> [YOUR ASSIGNMENT]: Once you have checked each line below, report only the number of lines that contain the word "Defpoints".

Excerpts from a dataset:
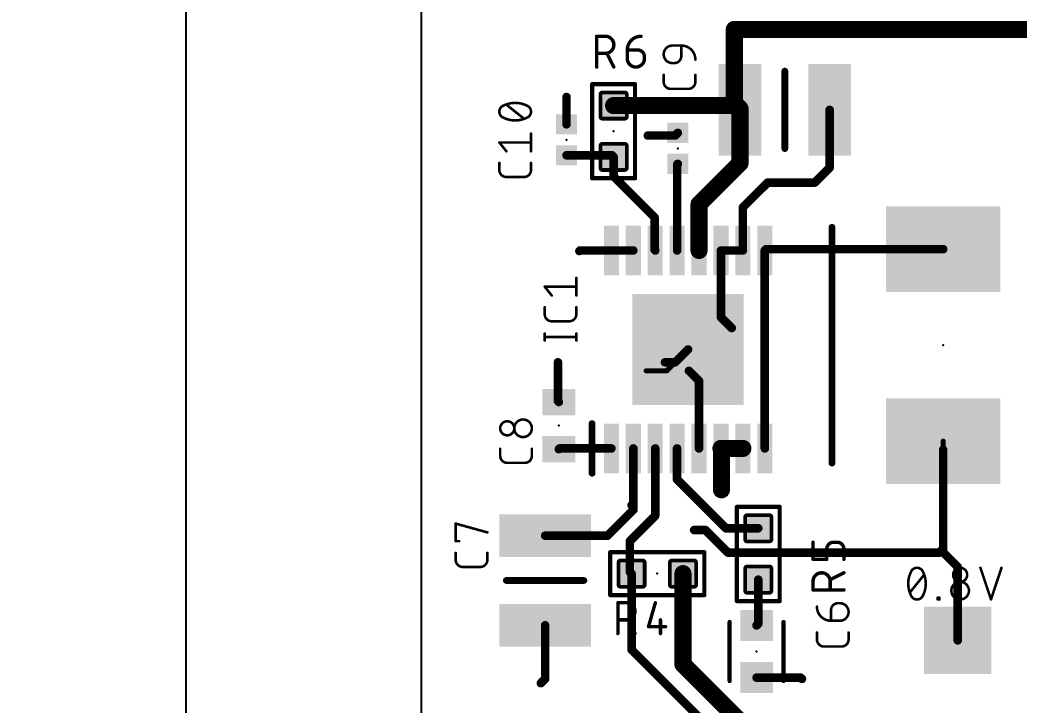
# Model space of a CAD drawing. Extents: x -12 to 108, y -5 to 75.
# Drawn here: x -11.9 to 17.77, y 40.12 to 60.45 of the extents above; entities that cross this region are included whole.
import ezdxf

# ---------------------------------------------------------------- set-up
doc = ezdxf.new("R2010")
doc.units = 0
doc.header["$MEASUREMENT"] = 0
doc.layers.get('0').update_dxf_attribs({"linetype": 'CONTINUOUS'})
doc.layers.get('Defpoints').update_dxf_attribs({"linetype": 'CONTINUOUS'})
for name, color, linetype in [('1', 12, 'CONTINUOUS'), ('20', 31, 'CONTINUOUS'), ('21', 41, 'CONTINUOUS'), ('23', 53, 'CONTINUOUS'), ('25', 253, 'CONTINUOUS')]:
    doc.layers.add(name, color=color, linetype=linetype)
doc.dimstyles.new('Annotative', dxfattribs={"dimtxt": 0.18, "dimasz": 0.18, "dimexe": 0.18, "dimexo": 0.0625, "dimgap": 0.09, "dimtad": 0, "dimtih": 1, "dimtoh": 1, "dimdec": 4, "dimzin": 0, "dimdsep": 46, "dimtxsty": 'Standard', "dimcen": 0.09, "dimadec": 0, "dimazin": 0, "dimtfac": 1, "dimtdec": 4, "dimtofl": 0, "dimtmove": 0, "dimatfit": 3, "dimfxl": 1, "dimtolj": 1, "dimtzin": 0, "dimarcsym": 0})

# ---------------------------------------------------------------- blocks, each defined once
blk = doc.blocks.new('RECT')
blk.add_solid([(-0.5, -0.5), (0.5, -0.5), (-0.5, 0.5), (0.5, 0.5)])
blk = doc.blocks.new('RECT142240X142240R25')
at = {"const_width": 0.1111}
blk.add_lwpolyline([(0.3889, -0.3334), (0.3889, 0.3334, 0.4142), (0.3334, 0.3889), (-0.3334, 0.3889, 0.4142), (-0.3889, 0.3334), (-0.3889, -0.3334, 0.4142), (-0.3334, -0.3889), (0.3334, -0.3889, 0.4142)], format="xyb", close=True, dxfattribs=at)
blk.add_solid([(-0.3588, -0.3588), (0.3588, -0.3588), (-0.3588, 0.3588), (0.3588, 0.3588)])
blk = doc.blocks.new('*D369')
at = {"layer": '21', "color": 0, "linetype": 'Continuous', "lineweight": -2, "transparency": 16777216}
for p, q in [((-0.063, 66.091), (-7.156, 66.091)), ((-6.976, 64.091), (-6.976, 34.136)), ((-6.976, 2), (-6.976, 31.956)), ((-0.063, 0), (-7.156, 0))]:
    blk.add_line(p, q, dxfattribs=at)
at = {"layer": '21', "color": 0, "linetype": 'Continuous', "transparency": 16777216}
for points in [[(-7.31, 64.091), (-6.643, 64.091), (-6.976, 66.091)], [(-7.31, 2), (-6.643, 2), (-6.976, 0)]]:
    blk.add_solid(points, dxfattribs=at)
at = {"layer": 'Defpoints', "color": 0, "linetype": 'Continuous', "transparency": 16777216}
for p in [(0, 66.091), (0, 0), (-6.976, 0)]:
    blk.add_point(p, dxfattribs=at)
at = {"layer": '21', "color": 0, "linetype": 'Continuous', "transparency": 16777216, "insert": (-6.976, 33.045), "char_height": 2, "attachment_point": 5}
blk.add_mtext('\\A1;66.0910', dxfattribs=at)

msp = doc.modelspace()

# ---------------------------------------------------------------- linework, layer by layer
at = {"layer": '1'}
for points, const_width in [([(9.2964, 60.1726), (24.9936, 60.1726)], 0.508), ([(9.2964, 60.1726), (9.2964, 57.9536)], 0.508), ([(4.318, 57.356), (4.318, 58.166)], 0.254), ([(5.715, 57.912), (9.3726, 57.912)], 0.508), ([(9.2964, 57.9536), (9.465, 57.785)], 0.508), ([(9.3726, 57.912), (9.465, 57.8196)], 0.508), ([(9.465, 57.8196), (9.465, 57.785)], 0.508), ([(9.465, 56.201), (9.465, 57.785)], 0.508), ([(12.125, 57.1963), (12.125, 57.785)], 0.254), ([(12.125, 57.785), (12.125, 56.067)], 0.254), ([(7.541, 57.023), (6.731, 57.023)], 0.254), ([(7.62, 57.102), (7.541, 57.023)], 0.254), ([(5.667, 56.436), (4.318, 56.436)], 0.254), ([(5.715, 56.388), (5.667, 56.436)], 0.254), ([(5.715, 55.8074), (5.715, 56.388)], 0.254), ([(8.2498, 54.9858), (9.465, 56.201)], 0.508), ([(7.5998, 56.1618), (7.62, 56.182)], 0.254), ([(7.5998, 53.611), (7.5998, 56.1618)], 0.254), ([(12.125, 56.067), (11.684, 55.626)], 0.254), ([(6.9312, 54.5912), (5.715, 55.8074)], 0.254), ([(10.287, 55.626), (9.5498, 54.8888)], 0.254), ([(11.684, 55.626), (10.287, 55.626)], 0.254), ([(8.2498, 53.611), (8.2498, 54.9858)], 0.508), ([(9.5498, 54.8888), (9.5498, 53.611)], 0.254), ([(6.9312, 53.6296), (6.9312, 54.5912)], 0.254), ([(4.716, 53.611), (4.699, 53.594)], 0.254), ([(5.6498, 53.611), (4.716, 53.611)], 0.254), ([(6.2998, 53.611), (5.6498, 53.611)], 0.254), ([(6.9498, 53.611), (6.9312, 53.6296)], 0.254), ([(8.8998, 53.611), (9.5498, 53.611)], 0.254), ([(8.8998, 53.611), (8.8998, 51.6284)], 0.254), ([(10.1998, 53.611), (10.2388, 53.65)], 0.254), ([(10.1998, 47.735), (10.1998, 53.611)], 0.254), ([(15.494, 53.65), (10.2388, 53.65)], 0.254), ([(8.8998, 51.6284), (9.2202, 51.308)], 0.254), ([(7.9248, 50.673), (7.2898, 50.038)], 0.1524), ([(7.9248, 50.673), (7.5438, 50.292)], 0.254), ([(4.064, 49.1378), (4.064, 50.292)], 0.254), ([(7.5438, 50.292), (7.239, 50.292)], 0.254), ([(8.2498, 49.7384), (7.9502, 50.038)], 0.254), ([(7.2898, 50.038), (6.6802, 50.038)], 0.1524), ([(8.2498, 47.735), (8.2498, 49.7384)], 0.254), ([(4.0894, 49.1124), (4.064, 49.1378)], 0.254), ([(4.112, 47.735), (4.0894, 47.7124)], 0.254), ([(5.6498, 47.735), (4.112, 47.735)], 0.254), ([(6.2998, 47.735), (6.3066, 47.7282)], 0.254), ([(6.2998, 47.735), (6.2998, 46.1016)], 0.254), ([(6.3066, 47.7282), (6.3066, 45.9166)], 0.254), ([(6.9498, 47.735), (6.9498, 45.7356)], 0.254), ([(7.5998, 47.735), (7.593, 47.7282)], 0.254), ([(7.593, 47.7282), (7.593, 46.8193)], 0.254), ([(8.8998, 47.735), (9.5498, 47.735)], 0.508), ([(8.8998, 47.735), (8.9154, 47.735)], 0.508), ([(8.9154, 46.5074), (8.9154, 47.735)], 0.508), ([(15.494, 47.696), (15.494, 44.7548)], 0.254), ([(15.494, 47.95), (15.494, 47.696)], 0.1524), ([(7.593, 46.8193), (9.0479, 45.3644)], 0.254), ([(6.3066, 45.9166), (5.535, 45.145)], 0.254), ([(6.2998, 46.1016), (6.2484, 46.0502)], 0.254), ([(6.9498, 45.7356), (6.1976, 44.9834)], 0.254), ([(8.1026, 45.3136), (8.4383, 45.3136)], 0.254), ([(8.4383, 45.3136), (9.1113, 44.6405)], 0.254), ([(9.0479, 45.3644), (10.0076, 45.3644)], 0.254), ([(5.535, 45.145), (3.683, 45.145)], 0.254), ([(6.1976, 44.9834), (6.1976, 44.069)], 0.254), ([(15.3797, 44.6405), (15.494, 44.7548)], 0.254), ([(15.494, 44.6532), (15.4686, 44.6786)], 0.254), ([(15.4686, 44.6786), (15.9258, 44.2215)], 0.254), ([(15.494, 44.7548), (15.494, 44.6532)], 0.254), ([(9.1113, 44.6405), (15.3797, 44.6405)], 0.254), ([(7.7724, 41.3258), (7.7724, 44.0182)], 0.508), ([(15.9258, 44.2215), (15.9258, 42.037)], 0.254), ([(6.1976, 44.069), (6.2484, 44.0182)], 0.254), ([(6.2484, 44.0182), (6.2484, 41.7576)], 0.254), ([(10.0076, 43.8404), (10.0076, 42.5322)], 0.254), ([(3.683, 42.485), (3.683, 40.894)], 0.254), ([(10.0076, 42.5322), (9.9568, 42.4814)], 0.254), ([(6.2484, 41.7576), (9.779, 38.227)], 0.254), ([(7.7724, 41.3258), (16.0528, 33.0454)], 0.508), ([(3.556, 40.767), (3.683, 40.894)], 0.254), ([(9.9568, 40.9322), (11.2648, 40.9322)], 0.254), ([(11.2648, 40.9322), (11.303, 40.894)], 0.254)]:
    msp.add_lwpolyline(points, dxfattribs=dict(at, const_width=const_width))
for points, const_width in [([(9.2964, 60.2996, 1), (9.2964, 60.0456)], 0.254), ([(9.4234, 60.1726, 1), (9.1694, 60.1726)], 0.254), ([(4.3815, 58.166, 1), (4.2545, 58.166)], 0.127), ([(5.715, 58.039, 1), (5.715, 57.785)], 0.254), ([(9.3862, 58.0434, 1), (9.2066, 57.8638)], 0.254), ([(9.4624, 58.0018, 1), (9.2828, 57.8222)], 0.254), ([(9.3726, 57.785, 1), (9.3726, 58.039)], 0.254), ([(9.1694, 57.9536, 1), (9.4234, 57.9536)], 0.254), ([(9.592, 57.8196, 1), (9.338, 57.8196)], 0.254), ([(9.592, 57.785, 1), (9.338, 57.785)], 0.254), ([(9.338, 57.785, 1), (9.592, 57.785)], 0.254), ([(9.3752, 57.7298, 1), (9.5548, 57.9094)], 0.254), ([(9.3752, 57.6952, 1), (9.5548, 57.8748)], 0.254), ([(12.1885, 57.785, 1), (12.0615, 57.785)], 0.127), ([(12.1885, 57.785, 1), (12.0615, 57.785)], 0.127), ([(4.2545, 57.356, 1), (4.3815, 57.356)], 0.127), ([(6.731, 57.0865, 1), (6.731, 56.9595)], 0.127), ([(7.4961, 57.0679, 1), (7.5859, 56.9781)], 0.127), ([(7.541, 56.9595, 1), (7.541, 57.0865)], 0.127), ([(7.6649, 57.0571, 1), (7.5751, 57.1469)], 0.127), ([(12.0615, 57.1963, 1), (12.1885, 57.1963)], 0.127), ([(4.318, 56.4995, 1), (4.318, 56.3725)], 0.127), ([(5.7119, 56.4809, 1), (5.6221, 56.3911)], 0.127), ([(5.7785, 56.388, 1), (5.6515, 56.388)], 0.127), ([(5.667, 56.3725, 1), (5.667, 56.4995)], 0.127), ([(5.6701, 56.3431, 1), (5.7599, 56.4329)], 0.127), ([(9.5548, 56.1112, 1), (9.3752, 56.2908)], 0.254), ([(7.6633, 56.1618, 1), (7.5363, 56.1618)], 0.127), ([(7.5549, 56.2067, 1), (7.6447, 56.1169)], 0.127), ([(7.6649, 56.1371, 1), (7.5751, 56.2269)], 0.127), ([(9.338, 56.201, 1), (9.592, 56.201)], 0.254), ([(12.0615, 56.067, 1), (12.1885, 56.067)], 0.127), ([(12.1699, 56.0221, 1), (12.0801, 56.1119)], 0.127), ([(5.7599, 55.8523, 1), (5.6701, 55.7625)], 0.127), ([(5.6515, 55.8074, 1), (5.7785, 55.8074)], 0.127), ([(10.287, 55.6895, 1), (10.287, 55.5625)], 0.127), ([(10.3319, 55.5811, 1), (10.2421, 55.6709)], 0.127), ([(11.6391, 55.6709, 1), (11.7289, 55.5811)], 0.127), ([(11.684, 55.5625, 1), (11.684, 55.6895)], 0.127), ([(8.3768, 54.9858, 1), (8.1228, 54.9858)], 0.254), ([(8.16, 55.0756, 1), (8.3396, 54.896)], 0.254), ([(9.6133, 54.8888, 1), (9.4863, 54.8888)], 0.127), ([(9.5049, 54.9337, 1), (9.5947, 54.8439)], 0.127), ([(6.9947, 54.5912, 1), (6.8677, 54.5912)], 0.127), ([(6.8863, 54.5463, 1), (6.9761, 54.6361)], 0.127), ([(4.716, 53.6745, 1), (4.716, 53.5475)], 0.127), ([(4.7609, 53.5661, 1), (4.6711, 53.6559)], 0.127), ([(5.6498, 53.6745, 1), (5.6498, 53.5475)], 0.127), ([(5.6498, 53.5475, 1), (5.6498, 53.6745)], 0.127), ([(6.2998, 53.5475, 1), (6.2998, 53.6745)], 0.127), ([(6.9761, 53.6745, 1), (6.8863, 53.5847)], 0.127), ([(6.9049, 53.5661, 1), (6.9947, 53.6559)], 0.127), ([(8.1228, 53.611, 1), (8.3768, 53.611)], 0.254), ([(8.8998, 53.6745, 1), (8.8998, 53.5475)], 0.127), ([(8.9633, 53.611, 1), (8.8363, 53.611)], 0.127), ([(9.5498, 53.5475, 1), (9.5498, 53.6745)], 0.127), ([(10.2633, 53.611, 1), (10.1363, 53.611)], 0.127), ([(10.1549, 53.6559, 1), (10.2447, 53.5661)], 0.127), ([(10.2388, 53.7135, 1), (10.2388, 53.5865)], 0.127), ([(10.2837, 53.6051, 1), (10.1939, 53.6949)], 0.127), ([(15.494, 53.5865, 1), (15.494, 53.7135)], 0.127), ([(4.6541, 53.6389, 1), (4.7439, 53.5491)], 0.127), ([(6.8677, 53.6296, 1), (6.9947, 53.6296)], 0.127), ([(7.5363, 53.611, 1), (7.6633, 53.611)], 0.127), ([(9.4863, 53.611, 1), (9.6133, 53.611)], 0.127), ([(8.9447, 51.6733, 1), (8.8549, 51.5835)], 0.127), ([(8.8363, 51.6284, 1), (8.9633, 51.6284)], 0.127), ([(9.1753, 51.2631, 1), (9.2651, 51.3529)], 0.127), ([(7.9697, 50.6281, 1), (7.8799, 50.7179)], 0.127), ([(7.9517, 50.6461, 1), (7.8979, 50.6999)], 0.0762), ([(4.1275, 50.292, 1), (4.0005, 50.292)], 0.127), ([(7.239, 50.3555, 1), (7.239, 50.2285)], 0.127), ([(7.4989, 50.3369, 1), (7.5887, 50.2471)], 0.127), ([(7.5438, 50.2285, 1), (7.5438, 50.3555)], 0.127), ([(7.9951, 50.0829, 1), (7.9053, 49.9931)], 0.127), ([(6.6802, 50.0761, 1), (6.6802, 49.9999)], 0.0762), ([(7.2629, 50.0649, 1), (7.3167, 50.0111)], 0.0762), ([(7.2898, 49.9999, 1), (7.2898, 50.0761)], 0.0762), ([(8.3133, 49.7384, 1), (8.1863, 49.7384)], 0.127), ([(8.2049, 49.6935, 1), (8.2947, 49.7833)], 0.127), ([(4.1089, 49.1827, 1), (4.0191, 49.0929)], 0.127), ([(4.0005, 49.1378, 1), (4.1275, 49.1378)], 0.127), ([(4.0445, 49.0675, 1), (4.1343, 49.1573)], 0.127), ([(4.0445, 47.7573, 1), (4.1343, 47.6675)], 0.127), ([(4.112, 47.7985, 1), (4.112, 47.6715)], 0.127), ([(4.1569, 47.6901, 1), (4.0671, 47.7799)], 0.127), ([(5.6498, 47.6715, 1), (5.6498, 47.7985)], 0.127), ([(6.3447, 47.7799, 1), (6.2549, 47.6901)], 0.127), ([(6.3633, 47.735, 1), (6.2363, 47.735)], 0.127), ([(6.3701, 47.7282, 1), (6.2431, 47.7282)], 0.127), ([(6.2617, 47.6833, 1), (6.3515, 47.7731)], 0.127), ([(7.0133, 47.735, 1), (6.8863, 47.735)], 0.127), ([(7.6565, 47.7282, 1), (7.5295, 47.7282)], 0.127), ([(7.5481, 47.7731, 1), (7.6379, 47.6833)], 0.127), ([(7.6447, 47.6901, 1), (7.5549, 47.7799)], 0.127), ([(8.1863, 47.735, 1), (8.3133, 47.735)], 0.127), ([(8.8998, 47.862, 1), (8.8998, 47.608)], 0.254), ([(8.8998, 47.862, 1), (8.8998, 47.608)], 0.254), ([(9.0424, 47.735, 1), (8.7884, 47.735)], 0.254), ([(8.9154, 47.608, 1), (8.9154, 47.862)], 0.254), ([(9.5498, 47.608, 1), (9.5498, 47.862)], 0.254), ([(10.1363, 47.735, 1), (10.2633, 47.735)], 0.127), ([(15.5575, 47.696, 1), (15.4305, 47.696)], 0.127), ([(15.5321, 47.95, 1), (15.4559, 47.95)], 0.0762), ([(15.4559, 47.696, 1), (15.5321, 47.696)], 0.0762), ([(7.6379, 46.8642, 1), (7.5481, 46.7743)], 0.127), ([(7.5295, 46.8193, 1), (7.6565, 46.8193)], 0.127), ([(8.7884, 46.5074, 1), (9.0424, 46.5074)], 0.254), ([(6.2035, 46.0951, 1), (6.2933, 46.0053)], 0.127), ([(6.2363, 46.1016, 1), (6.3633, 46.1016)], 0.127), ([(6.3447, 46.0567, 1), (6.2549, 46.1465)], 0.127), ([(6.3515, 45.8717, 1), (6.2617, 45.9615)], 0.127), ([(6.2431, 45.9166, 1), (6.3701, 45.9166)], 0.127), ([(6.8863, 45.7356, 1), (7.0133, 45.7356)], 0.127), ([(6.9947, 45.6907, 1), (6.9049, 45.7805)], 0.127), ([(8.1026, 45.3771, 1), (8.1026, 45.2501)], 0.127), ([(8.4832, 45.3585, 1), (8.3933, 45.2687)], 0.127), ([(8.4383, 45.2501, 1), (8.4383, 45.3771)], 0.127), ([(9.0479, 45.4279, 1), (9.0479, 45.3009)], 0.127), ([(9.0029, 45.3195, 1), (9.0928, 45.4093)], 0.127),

> [TASK RESPONSE]: 2